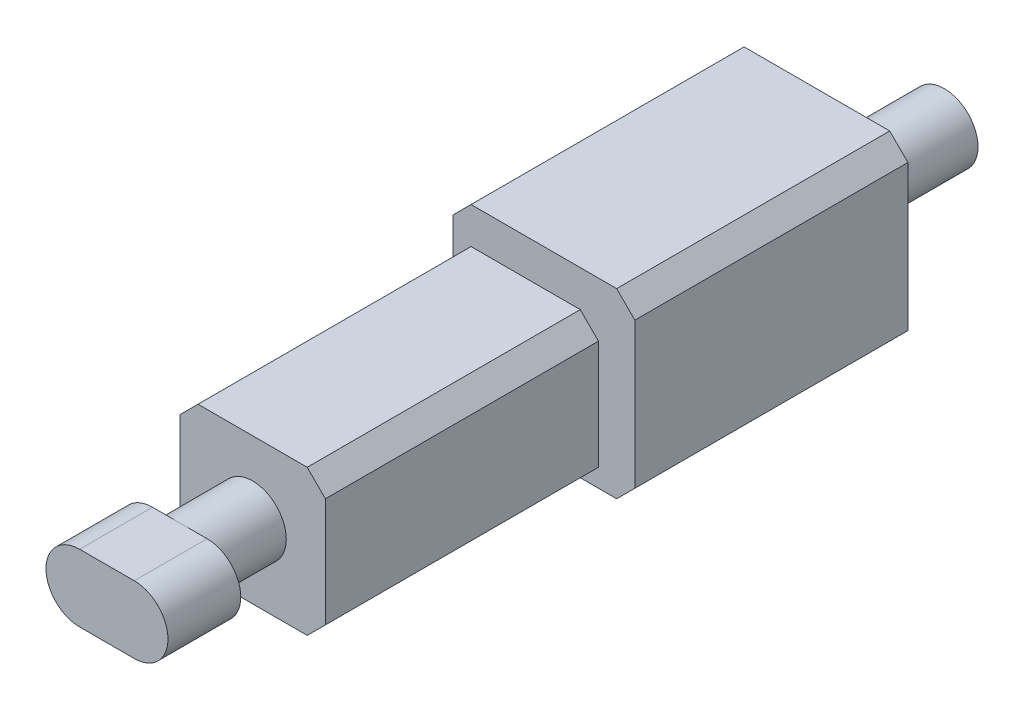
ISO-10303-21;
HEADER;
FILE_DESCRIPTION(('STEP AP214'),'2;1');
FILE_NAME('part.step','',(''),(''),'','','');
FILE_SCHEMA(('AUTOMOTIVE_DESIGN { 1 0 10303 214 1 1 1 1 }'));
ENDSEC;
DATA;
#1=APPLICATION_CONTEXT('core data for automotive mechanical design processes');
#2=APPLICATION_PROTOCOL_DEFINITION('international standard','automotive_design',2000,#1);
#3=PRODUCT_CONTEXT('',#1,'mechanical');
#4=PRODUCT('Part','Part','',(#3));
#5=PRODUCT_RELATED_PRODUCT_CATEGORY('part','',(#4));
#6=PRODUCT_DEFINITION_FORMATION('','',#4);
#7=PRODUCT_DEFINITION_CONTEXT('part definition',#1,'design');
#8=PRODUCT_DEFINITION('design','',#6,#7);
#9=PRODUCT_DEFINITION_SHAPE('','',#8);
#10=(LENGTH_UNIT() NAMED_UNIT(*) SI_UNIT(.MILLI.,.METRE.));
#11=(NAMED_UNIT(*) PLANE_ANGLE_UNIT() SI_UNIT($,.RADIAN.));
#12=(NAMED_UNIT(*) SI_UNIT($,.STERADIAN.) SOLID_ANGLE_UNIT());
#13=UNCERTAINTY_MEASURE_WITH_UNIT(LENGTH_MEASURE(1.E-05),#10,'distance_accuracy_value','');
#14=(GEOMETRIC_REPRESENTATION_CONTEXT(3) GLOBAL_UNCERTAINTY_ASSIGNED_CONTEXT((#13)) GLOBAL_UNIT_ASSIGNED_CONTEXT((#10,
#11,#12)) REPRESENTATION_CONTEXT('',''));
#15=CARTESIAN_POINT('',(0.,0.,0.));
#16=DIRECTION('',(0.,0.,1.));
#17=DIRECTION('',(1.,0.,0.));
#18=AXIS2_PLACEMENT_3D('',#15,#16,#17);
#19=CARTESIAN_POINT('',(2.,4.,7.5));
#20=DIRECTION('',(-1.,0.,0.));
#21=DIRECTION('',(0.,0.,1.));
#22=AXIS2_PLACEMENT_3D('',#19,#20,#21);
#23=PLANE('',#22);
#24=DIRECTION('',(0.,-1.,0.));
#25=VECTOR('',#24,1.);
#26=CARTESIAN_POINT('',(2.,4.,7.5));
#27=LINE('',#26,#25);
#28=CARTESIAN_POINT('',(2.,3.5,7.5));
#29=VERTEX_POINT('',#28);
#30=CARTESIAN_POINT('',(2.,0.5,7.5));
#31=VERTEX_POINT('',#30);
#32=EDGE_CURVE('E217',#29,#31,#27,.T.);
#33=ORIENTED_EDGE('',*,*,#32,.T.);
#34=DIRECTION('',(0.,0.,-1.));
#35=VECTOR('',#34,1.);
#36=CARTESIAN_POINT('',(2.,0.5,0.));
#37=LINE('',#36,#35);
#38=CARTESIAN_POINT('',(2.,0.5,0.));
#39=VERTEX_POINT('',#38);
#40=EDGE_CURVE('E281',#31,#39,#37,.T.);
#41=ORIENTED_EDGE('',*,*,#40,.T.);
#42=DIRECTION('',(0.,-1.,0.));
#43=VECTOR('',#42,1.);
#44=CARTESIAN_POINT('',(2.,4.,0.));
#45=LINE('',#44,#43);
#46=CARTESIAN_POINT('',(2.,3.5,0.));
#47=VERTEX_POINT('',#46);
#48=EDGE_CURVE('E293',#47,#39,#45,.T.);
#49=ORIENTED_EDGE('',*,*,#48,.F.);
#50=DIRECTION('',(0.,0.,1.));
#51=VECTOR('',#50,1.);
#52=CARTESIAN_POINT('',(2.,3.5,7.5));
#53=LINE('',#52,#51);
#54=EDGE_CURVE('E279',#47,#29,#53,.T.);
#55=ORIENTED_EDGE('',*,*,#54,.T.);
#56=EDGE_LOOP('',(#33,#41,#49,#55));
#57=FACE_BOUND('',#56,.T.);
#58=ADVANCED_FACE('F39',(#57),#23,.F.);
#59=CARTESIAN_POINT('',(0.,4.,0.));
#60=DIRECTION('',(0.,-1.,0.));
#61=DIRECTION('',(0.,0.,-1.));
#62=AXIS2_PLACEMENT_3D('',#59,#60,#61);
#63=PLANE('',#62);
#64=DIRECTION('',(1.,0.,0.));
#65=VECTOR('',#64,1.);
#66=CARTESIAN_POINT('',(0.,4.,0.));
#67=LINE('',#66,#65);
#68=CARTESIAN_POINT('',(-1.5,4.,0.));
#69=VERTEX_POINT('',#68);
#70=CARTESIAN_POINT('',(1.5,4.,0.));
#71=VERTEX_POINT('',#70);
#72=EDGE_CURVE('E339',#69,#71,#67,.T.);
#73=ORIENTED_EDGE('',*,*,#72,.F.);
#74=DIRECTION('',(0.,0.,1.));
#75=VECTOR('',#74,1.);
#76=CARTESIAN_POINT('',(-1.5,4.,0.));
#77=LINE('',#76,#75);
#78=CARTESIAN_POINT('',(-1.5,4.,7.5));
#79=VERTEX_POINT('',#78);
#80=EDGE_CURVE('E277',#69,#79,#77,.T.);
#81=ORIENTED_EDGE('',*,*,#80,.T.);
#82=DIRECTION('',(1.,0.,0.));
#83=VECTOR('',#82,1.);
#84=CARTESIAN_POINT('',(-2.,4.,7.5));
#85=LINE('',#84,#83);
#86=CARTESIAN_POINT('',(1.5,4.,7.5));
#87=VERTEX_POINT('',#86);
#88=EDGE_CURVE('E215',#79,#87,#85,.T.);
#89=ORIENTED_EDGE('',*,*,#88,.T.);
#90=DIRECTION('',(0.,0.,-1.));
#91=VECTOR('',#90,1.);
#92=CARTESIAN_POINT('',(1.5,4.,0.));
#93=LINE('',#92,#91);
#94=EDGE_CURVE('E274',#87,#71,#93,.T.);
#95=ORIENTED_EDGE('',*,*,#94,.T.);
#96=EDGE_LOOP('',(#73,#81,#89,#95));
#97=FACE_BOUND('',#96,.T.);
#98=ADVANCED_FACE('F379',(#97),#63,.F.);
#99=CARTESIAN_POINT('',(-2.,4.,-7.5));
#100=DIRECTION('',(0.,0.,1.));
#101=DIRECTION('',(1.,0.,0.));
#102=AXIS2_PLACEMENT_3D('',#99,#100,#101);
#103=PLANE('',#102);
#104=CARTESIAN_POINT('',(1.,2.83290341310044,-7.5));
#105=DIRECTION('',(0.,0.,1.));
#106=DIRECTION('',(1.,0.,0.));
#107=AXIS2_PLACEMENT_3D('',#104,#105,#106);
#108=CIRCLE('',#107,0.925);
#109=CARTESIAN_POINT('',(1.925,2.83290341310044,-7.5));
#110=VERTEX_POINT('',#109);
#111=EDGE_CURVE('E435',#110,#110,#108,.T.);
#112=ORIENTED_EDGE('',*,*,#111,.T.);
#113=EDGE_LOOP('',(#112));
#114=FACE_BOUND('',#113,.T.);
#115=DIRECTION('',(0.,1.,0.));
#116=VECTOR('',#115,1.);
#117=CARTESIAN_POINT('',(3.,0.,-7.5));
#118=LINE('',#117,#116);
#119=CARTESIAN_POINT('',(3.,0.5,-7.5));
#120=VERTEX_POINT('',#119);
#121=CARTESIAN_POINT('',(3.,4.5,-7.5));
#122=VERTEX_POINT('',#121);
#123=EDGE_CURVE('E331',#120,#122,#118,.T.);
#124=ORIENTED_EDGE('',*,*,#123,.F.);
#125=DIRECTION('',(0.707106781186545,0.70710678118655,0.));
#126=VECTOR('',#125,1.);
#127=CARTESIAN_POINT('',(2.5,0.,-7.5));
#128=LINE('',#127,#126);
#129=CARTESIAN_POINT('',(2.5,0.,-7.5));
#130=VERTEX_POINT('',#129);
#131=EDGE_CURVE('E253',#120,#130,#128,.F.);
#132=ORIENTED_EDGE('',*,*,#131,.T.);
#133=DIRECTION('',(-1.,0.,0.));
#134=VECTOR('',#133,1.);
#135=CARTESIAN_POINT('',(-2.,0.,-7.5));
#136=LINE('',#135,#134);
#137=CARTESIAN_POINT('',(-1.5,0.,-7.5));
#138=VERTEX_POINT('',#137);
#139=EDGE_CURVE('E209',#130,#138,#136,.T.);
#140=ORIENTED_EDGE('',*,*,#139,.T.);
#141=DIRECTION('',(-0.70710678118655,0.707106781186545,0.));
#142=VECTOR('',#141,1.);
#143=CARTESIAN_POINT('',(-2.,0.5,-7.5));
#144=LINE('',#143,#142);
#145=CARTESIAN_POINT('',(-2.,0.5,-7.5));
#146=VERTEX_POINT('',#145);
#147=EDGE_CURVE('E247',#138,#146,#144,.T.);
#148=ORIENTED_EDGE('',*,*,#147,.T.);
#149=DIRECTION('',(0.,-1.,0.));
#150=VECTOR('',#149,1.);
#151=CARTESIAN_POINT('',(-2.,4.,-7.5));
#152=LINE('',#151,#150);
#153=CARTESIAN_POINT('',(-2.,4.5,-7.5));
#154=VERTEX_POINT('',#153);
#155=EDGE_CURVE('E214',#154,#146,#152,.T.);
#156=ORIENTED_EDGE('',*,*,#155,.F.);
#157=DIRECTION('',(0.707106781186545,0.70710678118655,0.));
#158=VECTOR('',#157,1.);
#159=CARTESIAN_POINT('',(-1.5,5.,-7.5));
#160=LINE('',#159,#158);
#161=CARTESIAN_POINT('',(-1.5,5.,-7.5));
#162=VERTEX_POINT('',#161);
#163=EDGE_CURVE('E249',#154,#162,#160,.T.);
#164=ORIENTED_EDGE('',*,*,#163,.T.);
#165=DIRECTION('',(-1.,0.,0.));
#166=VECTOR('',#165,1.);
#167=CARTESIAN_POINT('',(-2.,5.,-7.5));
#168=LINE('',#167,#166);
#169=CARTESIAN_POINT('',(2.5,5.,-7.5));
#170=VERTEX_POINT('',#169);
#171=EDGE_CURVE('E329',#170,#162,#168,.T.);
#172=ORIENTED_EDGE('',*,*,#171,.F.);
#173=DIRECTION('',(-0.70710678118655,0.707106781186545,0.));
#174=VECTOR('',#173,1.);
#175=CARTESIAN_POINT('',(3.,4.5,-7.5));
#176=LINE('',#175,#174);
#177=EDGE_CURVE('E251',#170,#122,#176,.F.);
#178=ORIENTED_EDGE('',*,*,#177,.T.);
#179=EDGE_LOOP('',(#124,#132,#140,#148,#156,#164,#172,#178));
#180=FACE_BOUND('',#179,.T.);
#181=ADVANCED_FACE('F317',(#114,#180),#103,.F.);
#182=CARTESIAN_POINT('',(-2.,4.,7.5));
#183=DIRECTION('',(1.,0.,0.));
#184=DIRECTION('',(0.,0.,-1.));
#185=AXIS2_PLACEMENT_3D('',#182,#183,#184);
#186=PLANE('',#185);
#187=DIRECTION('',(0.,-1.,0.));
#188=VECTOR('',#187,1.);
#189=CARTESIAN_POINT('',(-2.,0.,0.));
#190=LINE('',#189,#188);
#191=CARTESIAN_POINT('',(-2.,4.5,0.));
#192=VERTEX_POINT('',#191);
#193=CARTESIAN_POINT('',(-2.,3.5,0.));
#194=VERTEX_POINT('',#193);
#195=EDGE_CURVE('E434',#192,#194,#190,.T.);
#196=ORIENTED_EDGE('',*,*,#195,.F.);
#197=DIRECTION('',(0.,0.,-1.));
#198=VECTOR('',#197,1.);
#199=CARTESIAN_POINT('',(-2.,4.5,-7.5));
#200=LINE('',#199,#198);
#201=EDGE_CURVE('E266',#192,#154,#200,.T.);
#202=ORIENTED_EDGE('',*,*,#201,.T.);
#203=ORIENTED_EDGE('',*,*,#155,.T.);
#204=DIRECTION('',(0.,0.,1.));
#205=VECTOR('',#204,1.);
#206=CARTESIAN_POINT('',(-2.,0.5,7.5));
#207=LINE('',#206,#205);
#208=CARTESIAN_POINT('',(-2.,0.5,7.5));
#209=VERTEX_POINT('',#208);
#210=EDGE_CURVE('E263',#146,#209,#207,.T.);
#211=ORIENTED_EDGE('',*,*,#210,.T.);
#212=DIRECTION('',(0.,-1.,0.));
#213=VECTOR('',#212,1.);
*-*-*
* _Task objective_
Repeat exactly the lines above from the one with "#183=DIRECTION('',(1.,0.,0.));" up to and including the one with "#209=VERTEX_POINT('',#208);". No other line belongs in the reply.

* _Solution to this problem_
#183=DIRECTION('',(1.,0.,0.));
#184=DIRECTION('',(0.,0.,-1.));
#185=AXIS2_PLACEMENT_3D('',#182,#183,#184);
#186=PLANE('',#185);
#187=DIRECTION('',(0.,-1.,0.));
#188=VECTOR('',#187,1.);
#189=CARTESIAN_POINT('',(-2.,0.,0.));
#190=LINE('',#189,#188);
#191=CARTESIAN_POINT('',(-2.,4.5,0.));
#192=VERTEX_POINT('',#191);
#193=CARTESIAN_POINT('',(-2.,3.5,0.));
#194=VERTEX_POINT('',#193);
#195=EDGE_CURVE('E434',#192,#194,#190,.T.);
#196=ORIENTED_EDGE('',*,*,#195,.F.);
#197=DIRECTION('',(0.,0.,-1.));
#198=VECTOR('',#197,1.);
#199=CARTESIAN_POINT('',(-2.,4.5,-7.5));
#200=LINE('',#199,#198);
#201=EDGE_CURVE('E266',#192,#154,#200,.T.);
#202=ORIENTED_EDGE('',*,*,#201,.T.);
#203=ORIENTED_EDGE('',*,*,#155,.T.);
#204=DIRECTION('',(0.,0.,1.));
#205=VECTOR('',#204,1.);
#206=CARTESIAN_POINT('',(-2.,0.5,7.5));
#207=LINE('',#206,#205);
#208=CARTESIAN_POINT('',(-2.,0.5,7.5));
#209=VERTEX_POINT('',#208);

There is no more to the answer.